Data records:
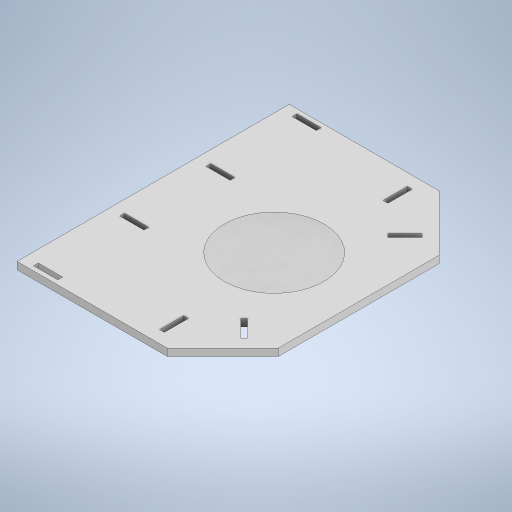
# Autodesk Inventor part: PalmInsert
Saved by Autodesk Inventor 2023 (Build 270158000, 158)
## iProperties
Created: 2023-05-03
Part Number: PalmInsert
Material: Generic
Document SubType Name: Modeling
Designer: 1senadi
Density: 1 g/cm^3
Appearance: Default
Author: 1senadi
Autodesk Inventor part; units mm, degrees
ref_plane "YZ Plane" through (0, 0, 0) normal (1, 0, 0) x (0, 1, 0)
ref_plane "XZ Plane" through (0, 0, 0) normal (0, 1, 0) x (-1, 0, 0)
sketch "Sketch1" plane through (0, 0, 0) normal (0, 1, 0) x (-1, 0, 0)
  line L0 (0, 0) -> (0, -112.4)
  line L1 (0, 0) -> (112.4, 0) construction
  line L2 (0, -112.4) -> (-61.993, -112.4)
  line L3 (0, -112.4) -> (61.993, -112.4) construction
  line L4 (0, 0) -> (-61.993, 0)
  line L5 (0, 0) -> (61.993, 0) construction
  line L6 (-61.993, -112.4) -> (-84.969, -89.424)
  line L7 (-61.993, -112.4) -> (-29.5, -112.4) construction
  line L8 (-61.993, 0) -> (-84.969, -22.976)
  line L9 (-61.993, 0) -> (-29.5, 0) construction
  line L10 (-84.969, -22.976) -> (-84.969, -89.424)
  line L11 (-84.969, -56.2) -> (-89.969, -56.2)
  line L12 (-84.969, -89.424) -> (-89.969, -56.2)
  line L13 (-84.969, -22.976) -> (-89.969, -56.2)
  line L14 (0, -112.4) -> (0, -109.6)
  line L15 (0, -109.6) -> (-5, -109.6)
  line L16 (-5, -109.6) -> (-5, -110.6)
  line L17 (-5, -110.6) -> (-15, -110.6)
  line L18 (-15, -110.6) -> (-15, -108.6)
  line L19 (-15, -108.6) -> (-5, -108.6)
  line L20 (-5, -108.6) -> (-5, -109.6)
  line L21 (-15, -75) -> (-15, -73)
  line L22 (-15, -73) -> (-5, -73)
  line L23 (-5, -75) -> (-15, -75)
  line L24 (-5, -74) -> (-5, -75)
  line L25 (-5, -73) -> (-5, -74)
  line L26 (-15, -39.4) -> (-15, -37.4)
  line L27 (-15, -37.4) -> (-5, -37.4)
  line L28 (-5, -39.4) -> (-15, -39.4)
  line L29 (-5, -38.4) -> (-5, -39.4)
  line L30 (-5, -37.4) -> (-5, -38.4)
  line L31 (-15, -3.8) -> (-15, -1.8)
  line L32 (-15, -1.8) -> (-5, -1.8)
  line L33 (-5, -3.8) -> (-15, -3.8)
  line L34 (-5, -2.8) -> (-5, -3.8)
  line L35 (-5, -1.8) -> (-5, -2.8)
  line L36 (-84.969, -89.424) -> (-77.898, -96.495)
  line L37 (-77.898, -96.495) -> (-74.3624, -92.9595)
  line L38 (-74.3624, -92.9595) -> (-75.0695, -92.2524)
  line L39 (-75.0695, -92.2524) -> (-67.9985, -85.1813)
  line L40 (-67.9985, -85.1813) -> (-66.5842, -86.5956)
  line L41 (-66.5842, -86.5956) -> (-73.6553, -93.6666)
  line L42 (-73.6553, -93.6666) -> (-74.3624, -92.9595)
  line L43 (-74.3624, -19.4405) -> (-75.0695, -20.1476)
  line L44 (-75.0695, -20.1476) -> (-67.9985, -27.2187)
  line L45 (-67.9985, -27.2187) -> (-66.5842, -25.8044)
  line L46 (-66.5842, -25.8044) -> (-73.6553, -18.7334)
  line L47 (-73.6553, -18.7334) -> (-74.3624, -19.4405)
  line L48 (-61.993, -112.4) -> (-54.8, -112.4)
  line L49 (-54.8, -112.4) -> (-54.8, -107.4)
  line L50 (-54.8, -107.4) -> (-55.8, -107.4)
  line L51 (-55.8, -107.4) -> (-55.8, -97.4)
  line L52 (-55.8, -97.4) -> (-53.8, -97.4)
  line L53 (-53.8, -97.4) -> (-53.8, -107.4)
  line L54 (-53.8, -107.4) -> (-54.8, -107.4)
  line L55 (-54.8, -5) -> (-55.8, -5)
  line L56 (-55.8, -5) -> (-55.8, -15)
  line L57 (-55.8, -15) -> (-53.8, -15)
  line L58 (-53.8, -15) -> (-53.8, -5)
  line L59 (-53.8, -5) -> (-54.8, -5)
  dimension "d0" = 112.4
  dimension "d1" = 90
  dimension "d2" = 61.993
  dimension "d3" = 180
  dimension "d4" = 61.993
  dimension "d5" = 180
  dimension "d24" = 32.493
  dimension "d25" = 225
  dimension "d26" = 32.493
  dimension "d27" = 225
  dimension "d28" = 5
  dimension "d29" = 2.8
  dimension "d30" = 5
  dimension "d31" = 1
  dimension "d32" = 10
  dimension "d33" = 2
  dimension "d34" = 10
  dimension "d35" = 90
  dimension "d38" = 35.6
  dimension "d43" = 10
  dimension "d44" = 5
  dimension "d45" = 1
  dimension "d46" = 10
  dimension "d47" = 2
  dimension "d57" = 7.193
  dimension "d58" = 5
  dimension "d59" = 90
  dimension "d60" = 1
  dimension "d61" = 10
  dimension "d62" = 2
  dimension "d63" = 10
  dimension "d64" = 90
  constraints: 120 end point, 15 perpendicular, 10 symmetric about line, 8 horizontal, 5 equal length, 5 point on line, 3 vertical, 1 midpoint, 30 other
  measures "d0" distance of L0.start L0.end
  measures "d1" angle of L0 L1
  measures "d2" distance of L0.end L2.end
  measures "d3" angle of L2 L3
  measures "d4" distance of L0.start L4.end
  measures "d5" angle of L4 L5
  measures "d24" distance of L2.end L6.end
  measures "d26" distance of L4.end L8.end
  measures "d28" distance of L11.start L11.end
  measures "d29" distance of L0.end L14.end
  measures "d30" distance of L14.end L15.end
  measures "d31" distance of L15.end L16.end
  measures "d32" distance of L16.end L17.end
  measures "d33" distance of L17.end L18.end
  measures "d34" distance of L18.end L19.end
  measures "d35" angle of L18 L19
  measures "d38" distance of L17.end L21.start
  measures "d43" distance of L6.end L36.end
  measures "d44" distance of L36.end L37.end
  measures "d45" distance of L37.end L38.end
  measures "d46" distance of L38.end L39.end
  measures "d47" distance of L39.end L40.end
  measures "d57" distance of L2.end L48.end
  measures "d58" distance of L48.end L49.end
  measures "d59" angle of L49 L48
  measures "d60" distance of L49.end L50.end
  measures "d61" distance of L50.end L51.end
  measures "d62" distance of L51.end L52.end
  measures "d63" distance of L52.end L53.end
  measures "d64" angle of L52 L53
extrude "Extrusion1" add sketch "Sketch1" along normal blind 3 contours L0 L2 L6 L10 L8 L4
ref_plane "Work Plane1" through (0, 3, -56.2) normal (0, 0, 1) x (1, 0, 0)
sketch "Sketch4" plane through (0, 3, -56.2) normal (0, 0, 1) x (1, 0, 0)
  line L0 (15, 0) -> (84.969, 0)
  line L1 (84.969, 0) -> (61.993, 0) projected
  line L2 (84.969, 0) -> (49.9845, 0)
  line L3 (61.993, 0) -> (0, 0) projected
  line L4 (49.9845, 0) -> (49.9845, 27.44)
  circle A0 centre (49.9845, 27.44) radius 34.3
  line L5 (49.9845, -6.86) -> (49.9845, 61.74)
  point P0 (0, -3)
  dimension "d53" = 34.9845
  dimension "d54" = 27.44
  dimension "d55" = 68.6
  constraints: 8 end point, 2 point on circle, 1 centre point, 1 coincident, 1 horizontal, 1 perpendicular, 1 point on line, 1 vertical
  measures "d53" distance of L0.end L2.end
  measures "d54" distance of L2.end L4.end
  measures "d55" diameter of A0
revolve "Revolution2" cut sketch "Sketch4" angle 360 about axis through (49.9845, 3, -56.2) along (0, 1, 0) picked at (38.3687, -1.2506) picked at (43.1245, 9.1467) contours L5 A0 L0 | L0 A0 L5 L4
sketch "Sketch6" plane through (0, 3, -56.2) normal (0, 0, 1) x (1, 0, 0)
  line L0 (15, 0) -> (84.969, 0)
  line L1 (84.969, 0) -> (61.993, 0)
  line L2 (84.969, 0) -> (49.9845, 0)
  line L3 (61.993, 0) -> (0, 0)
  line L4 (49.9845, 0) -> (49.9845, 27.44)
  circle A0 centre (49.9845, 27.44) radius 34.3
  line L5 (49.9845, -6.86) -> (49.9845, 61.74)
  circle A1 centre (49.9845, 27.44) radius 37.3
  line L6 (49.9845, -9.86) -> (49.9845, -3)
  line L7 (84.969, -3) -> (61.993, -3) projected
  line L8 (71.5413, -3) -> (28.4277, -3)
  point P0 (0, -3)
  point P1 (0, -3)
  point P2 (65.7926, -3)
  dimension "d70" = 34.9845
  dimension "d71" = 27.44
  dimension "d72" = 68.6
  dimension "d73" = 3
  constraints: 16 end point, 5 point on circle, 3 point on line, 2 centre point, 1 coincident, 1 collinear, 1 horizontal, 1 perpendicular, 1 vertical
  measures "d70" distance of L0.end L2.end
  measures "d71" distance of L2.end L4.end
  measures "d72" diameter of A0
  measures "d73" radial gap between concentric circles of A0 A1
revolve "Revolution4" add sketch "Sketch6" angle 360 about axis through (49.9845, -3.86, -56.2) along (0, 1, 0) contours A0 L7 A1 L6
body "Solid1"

**TASK STATEMENT:** Lines with "projected" in the records above: copy every one of them.

**OUTPUT BELOW:**
  line L1 (84.969, 0) -> (61.993, 0) projected
  line L3 (61.993, 0) -> (0, 0) projected
  line L7 (84.969, -3) -> (61.993, -3) projected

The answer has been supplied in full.